━━━━━ Given data ━━━━━

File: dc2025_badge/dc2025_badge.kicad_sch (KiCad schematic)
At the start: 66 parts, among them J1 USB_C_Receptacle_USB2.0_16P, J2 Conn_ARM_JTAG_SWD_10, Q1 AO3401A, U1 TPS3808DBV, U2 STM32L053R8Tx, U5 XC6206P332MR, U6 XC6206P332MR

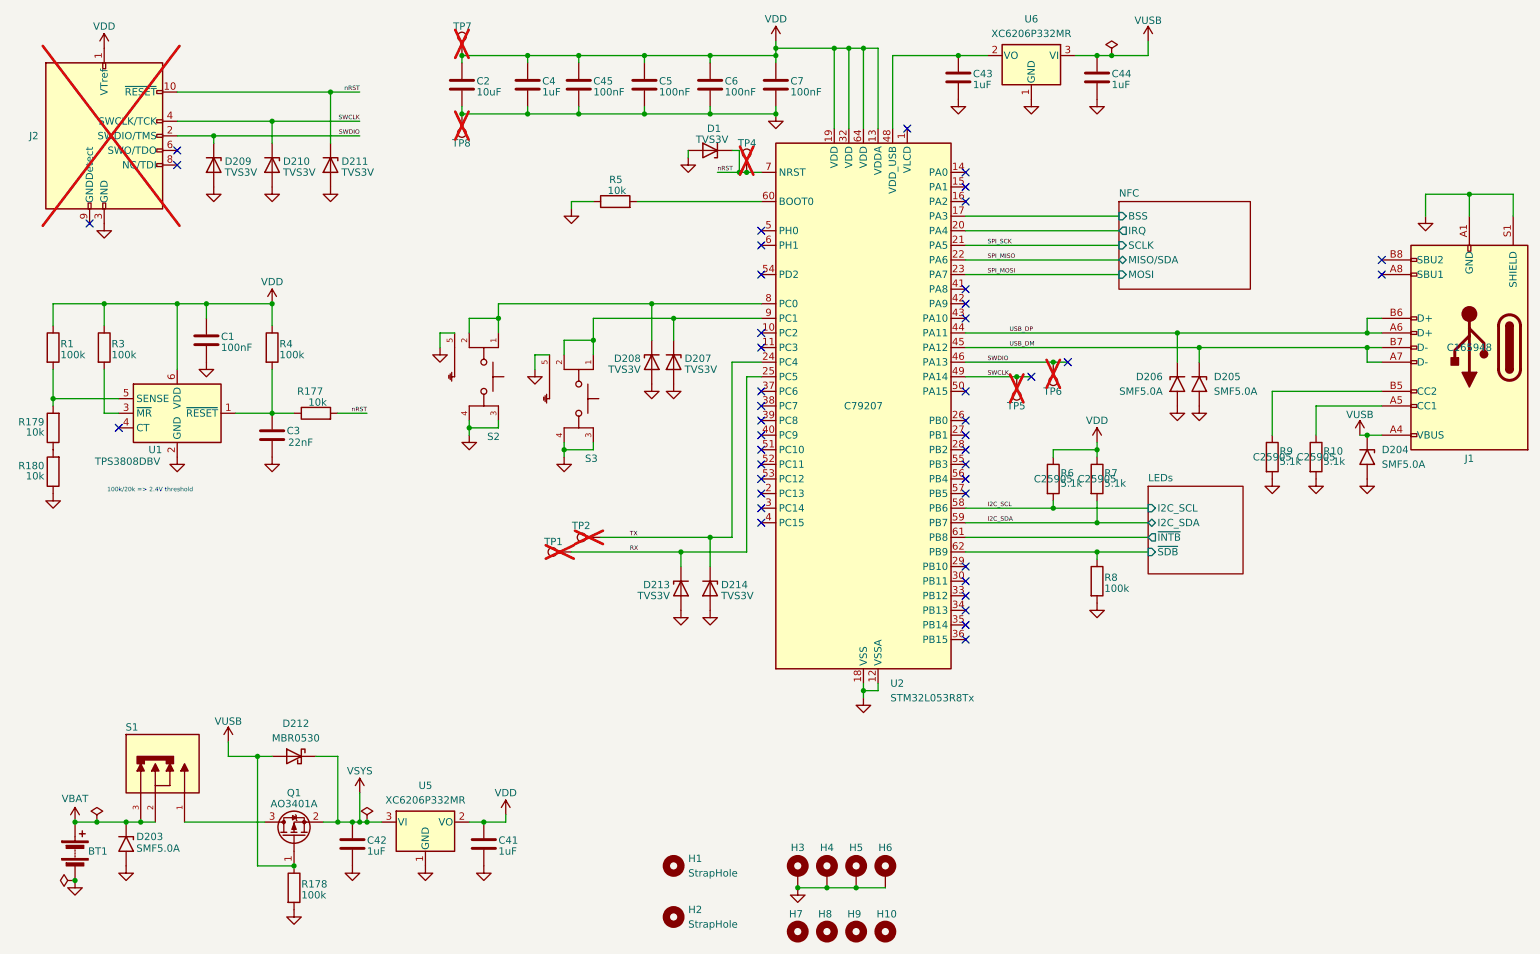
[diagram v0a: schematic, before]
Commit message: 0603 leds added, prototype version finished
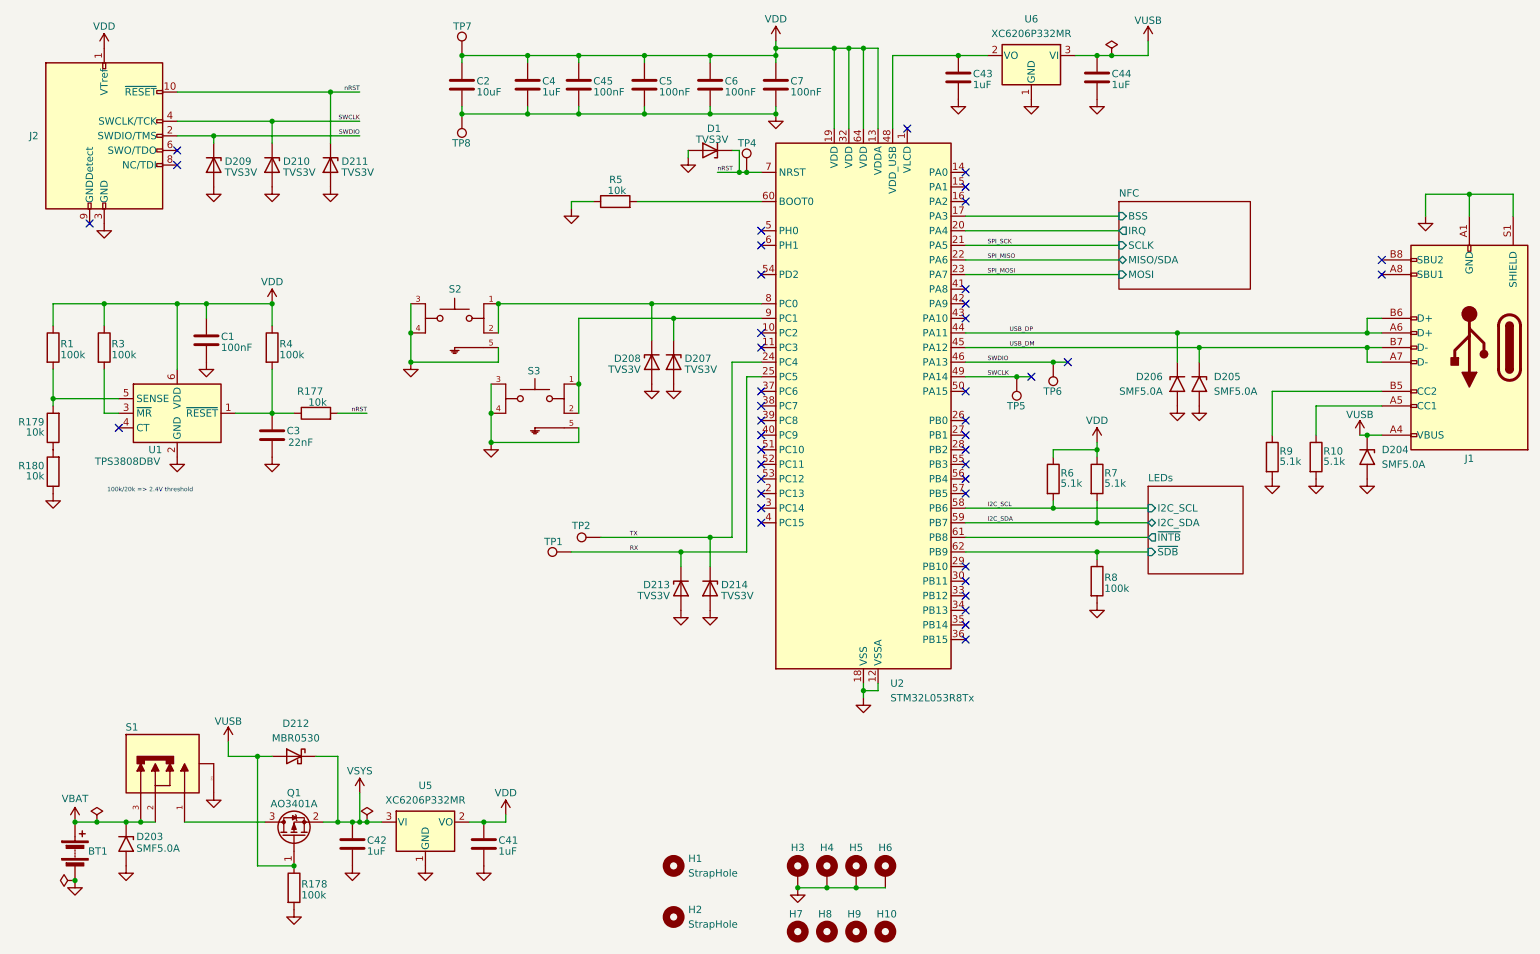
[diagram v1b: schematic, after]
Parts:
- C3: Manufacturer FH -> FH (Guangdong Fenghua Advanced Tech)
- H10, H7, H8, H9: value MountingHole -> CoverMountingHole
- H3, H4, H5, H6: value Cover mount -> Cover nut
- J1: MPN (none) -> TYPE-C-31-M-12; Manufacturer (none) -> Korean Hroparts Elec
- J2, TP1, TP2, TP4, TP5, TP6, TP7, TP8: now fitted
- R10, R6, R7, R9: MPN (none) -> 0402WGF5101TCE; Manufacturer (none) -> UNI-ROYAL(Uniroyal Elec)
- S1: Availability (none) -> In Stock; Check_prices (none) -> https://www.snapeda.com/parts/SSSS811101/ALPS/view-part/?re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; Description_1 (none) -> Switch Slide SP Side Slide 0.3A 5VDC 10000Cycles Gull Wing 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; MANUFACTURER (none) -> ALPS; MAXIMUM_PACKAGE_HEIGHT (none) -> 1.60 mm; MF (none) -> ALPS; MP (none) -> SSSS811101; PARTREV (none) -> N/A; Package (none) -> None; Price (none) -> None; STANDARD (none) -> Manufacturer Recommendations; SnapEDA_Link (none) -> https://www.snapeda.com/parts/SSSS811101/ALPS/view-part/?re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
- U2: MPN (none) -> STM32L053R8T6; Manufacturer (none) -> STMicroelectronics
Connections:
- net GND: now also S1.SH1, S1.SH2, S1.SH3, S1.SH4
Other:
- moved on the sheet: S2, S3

━━━━━

Reproduce all entries without any change, and omit the pictures.

— Output for this exercise —
File: dc2025_badge/dc2025_badge.kicad_sch (KiCad schematic)
At the start: 66 parts, among them J1 USB_C_Receptacle_USB2.0_16P, J2 Conn_ARM_JTAG_SWD_10, Q1 AO3401A, U1 TPS3808DBV, U2 STM32L053R8Tx, U5 XC6206P332MR, U6 XC6206P332MR

[diagram v0a: schematic, before]
Commit message: 0603 leds added, prototype version finished
[diagram v1b: schematic, after]
Parts:
- C3: Manufacturer FH -> FH (Guangdong Fenghua Advanced Tech)
- H10, H7, H8, H9: value MountingHole -> CoverMountingHole
- H3, H4, H5, H6: value Cover mount -> Cover nut
- J1: MPN (none) -> TYPE-C-31-M-12; Manufacturer (none) -> Korean Hroparts Elec
- J2, TP1, TP2, TP4, TP5, TP6, TP7, TP8: now fitted
- R10, R6, R7, R9: MPN (none) -> 0402WGF5101TCE; Manufacturer (none) -> UNI-ROYAL(Uniroyal Elec)
- S1: Availability (none) -> In Stock; Check_prices (none) -> https://www.snapeda.com/parts/SSSS811101/ALPS/view-part/?re; Description_1 (none) -> Switch Slide SP Side Slide 0.3A 5VDC 10000Cycles Gull Wing ; MANUFACTURER (none) -> ALPS; MAXIMUM_PACKAGE_HEIGHT (none) -> 1.60 mm; MF (none) -> ALPS; MP (none) -> SSSS811101; PARTREV (none) -> N/A; Package (none) -> None; Price (none) -> None; STANDARD (none) -> Manufacturer Recommendations; SnapEDA_Link (none) -> https://www.snapeda.com/parts/SSSS811101/ALPS/view-part/?re
- U2: MPN (none) -> STM32L053R8T6; Manufacturer (none) -> STMicroelectronics
Connections:
- net GND: now also S1.SH1, S1.SH2, S1.SH3, S1.SH4
Other:
- moved on the sheet: S2, S3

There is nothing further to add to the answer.